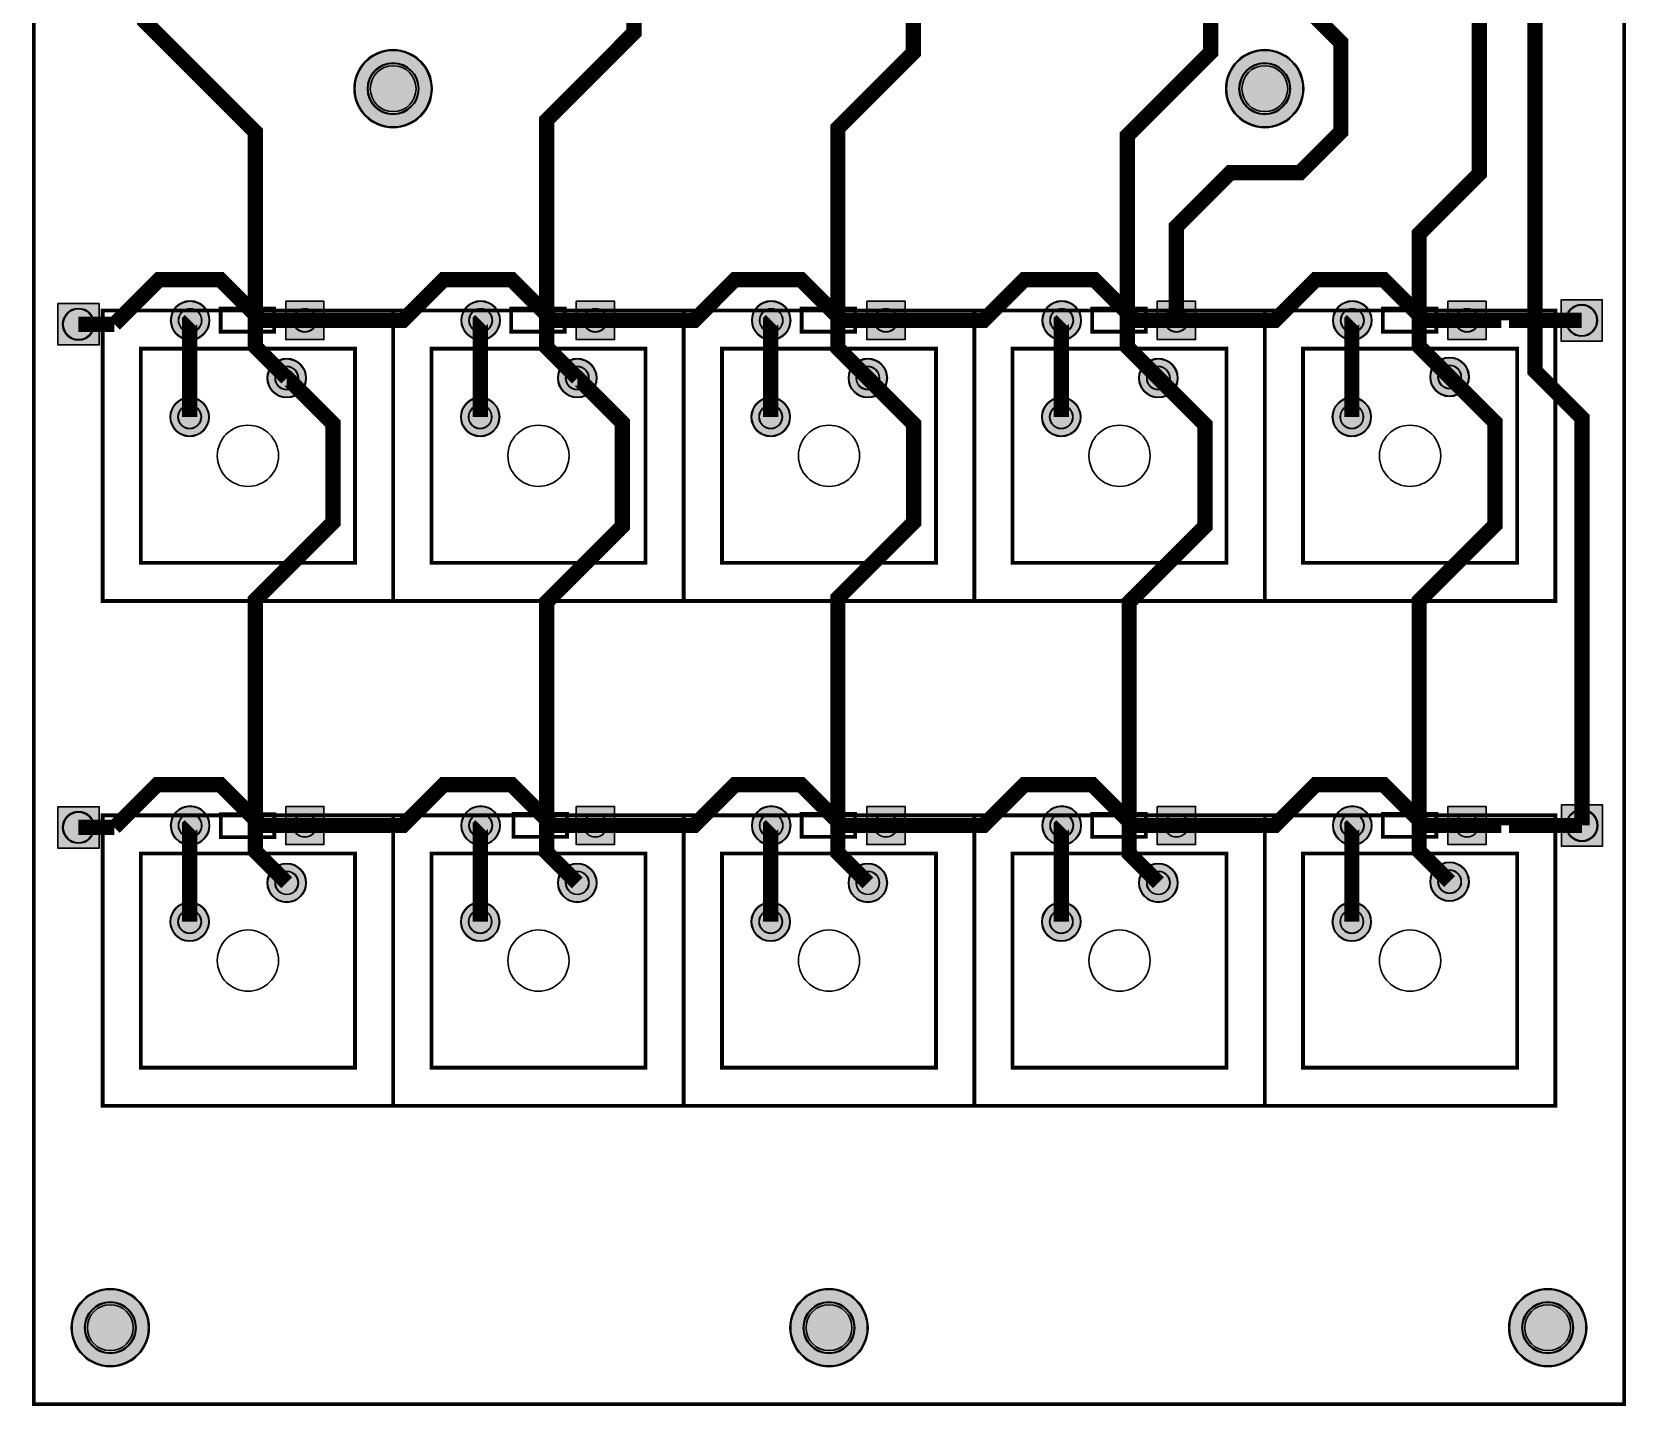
# Model space of a CAD drawing. Header units: millimetres. Extents: x 0 to 104, y -247 to 0.
# Drawn here: x -0.1 to 104.1, y -247.1 to -157.3 of the extents above; entities that cross this region are included whole.
import ezdxf

# ---------------------------------------------------------------- set-up
doc = ezdxf.new("R2010")
doc.units = ezdxf.units.MM
for name, color, linetype, true_color in [('BoardOutLine', 7, 'Continuous', 0xff00ff), ('BottomLayer', 7, 'Continuous', 0x0000ff), ('BottomSilkLayer', 7, 'Continuous', 0x66cc33), ('BottomSolderMaskLayer', 7, 'Continuous', 0xaa00ff), ('Document', 7, 'Continuous', 0xffffff), ('Multi-Layer', 7, 'Continuous', 0xc0c0c0), ('TopLayer', 7, 'Continuous', 0xff0000), ('TopSilkLayer', 7, 'Continuous', 0xffcc00), ('TopSolderMaskLayer', 7, 'Continuous', 0x800080)]:
    doc.layers.add(name, color=color, linetype=linetype, true_color=true_color)

msp = doc.modelspace()

# ---------------------------------------------------------------- hatches: boundary and pattern name
at = {"layer": 'BottomSolderMaskLayer'}
for points in [[(20.944205000000004, -160.99993200000006, 1), (26.045795000000005, -160.99993200000006, 1)], [(77.94409099999984, -160.99993200000006, 1), (83.04568099999983, -160.99993200000006, 1)], [(1.5201895221027826, -175.00218952210287), (4.321810477897202, -175.00218952210287), (4.321810477897202, -177.80381047789717), (1.5201895221027826, -177.80381047789717)], [(8.945460899999992, -176.14925400000004, 1), (11.49645909999999, -176.14925400000004, 1)], [(16.44555994090331, -174.8737419409032), (18.99658405909679, -174.8737419409032), (18.99658405909679, -177.4247660590969), (16.44555994090331, -177.4247660590969)], [(27.94542289999986, -176.14925400000004, 1), (30.49642109999986, -176.14925400000004, 1)], [(35.44552194090318, -174.8737419409032), (37.99654605909666, -174.8737419409032), (37.99654605909666, -177.4247660590969), (35.44552194090318, -177.4247660590969)], [(46.94538489999996, -176.14925400000004, 1), (49.49638309999995, -176.14925400000004, 1)], [(54.44548394090327, -174.8737419409032), (56.996508059096755, -174.8737419409032), (56.996508059096755, -177.4247660590969), (54.44548394090327, -177.4247660590969)], [(65.94560089999986, -176.14925400000004, 1), (68.49659909999987, -176.14925400000004, 1)], [(73.44544594090314, -174.8737419409032), (75.99647005909662, -174.8737419409032), (75.99647005909662, -177.4247660590969), (73.44544594090314, -177.4247660590969)], [(84.94556290000018, -176.14925400000004, 1), (87.49656110000019, -176.14925400000004, 1)], [(92.44540794090324, -174.8737419409032), (94.99643205909672, -174.8737419409032), (94.99643205909672, -177.4247660590969), (92.44540794090324, -177.4247660590969)], [(99.8181895221029, -174.74818952210273), (102.6198104778972, -174.74818952210273), (102.6198104778972, -177.54981047789727), (99.8181895221029, -177.54981047789727)], [(15.264472899999921, -179.92013800000007, 1), (17.81547109999992, -179.92013800000007, 1)], [(34.26443490000002, -179.92013800000007, 1), (36.815433100000014, -179.92013800000007, 1)], [(53.264396900000115, -179.92013800000007, 1), (55.81539510000011, -179.92013800000007, 1)], [(72.26461290000002, -179.92013800000007, 1), (74.81561110000003, -179.92013800000007, 1)], [(91.30750089999997, -179.84317599999997, 1), (93.85849909999997, -179.84317599999997, 1)], [(8.914472900000012, -182.459884, 1), (11.465471100000011, -182.459884, 1)], [(27.914434900000106, -182.459884, 1), (30.46543310000011, -182.459884, 1)], [(46.91439689999998, -182.459884, 1), (49.465395099999974, -182.459884, 1)], [(65.91461290000011, -182.459884, 1), (68.46561110000012, -182.459884, 1)], [(84.91457489999998, -182.459884, 1), (87.46557309999999, -182.459884, 1)], [(1.5201895221027826, -207.8951895221029), (4.321810477897202, -207.8951895221029), (4.321810477897202, -210.6968104778972), (1.5201895221027826, -210.6968104778972)], [(8.945460899999992, -209.16925400000002, 1), (11.49645909999999, -209.16925400000002, 1)], [(16.44555994090331, -207.8937419409034), (18.99658405909679, -207.8937419409034), (18.99658405909679, -210.44476605909688), (16.44555994090331, -210.44476605909688)], [(27.94542289999986, -209.16925400000002, 1), (30.49642109999986, -209.16925400000002, 1)], [(35.44552194090318, -207.8937419409034), (37.99654605909666, -207.8937419409034), (37.99654605909666, -210.44476605909688), (35.44552194090318, -210.44476605909688)], [(46.94538489999996, -209.16925400000002, 1), (49.49638309999995, -209.16925400000002, 1)], [(54.44548394090327, -207.8937419409034), (56.996508059096755, -207.8937419409034), (56.996508059096755, -210.44476605909688), (54.44548394090327, -210.44476605909688)], [(65.94560089999986, -209.16925400000002, 1), (68.49659909999987, -209.16925400000002, 1)], [(73.44544594090314, -207.8937419409034), (75.99647005909662, -207.8937419409034), (75.99647005909662, -210.44476605909688), (73.44544594090314, -210.44476605909688)], [(84.94556290000018, -209.16925400000002, 1), (87.49656110000019, -209.16925400000002, 1)], [(92.44540794090324, -207.8937419409034), (94.99643205909672, -207.8937419409034), (94.99643205909672, -210.44476605909688), (92.44540794090324, -210.44476605909688)], [(99.84028752210281, -207.76818952210294), (102.64190847789712, -207.76818952210294), (102.64190847789712, -210.56981047789725), (99.84028752210281, -210.56981047789725)], [(91.30750089999997, -212.84311000000014, 1), (93.85849909999997, -212.84311000000014, 1)], [(15.264472899999921, -212.920072, 1), (17.81547109999992, -212.920072, 1)], [(34.26443490000002, -212.920072, 1), (36.815433100000014, -212.920072, 1)], [(53.264396900000115, -212.920072, 1), (55.81539510000011, -212.920072, 1)], [(72.26461290000002, -212.920072, 1), (74.81561110000003, -212.920072, 1)], [(8.914472900000012, -215.46007199999997, 1), (11.465471100000011, -215.46007199999997, 1)], [(27.914434900000106, -215.46007199999997, 1), (30.46543310000011, -215.46007199999997, 1)], [(46.91439689999998, -215.46007199999997, 1), (49.465395099999974, -215.46007199999997, 1)], [(65.91461290000011, -215.46007199999997, 1), (68.46561110000012, -215.46007199999997, 1)], [(84.91457489999998, -215.46007199999997, 1), (87.46557309999999, -215.46007199999997, 1)], [(2.4491949999999116, -242.00002400000005, 1), (7.5507849999999115, -242.00002400000005, 1)], [(49.44910099999992, -242.00002400000005, 1), (54.55069099999992, -242.00002400000005, 1)], [(96.44926099999998, -242.00002400000005, 1), (101.55085099999997, -242.00002400000005, 1)]]:
    msp.add_hatch(color=256, dxfattribs=at).paths.add_polyline_path(points)
at = {"layer": 'TopSolderMaskLayer'}
for points in [[(20.944205000000004, -160.99993200000006, 1), (26.045795000000005, -160.99993200000006, 1)], [(77.94409099999984, -160.99993200000006, 1), (83.04568099999983, -160.99993200000006, 1)], [(1.5201895221027826, -175.00218952210287), (4.321810477897202, -175.00218952210287), (4.321810477897202, -177.80381047789717), (1.5201895221027826, -177.80381047789717)], [(8.945460899999992, -176.14925400000004, 1), (11.49645909999999, -176.14925400000004, 1)], [(16.44555994090331, -174.8737419409032), (18.99658405909679, -174.8737419409032), (18.99658405909679, -177.4247660590969), (16.44555994090331, -177.4247660590969)], [(27.94542289999986, -176.14925400000004, 1), (30.49642109999986, -176.14925400000004, 1)], [(35.44552194090318, -174.8737419409032), (37.99654605909666, -174.8737419409032), (37.99654605909666, -177.4247660590969), (35.44552194090318, -177.4247660590969)], [(46.94538489999996, -176.14925400000004, 1), (49.49638309999995, -176.14925400000004, 1)], [(54.44548394090327, -174.8737419409032), (56.996508059096755, -174.8737419409032), (56.996508059096755, -177.4247660590969), (54.44548394090327, -177.4247660590969)], [(65.94560089999986, -176.14925400000004, 1), (68.49659909999987, -176.14925400000004, 1)], [(73.44544594090314, -174.8737419409032), (75.99647005909662, -174.8737419409032), (75.99647005909662, -177.4247660590969), (73.44544594090314, -177.4247660590969)], [(84.94556290000018, -176.14925400000004, 1), (87.49656110000019, -176.14925400000004, 1)], [(92.44540794090324, -174.8737419409032), (94.99643205909672, -174.8737419409032), (94.99643205909672, -177.4247660590969), (92.44540794090324, -177.4247660590969)], [(99.8181895221029, -174.74818952210273), (102.6198104778972, -174.74818952210273), (102.6198104778972, -177.54981047789727), (99.8181895221029, -177.54981047789727)], [(15.264472899999921, -179.92013800000007, 1), (17.81547109999992, -179.92013800000007, 1)], [(34.26443490000002, -179.92013800000007, 1), (36.815433100000014, -179.92013800000007, 1)], [(53.264396900000115, -179.92013800000007, 1), (55.81539510000011, -179.92013800000007, 1)], [(72.26461290000002, -179.92013800000007, 1), (74.81561110000003, -179.92013800000007, 1)], [(91.30750089999997, -179.84317599999997, 1), (93.85849909999997, -179.84317599999997, 1)], [(8.914472900000012, -182.459884, 1), (11.465471100000011, -182.459884, 1)], [(27.914434900000106, -182.459884, 1), (30.46543310000011, -182.459884, 1)], [(46.91439689999998, -182.459884, 1), (49.465395099999974, -182.459884, 1)], [(65.91461290000011, -182.459884, 1), (68.46561110000012, -182.459884, 1)], [(84.91457489999998, -182.459884, 1), (87.46557309999999, -182.459884, 1)], [(1.5201895221027826, -207.8951895221029), (4.321810477897202, -207.8951895221029), (4.321810477897202, -210.6968104778972), (1.5201895221027826, -210.6968104778972)], [(8.945460899999992, -209.16925400000002, 1), (11.49645909999999, -209.16925400000002, 1)], [(16.44555994090331, -207.8937419409034), (18.99658405909679, -207.8937419409034), (18.99658405909679, -210.44476605909688), (16.44555994090331, -210.44476605909688)], [(27.94542289999986, -209.16925400000002, 1), (30.49642109999986, -209.16925400000002, 1)], [(35.44552194090318, -207.8937419409034), (37.99654605909666, -207.8937419409034), (37.99654605909666, -210.44476605909688), (35.44552194090318, -210.44476605909688)], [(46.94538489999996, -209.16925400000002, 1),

********

* _Problem details_
Copy the lines of the data above exactly as written, beginning with the line containing "import ezdxf" and ending with the line containing "doc.units = ezdxf.units.MM", and leave out all other lines.

* _Written reply_
import ezdxf

# ---------------------------------------------------------------- set-up
doc = ezdxf.new("R2010")
doc.units = ezdxf.units.MM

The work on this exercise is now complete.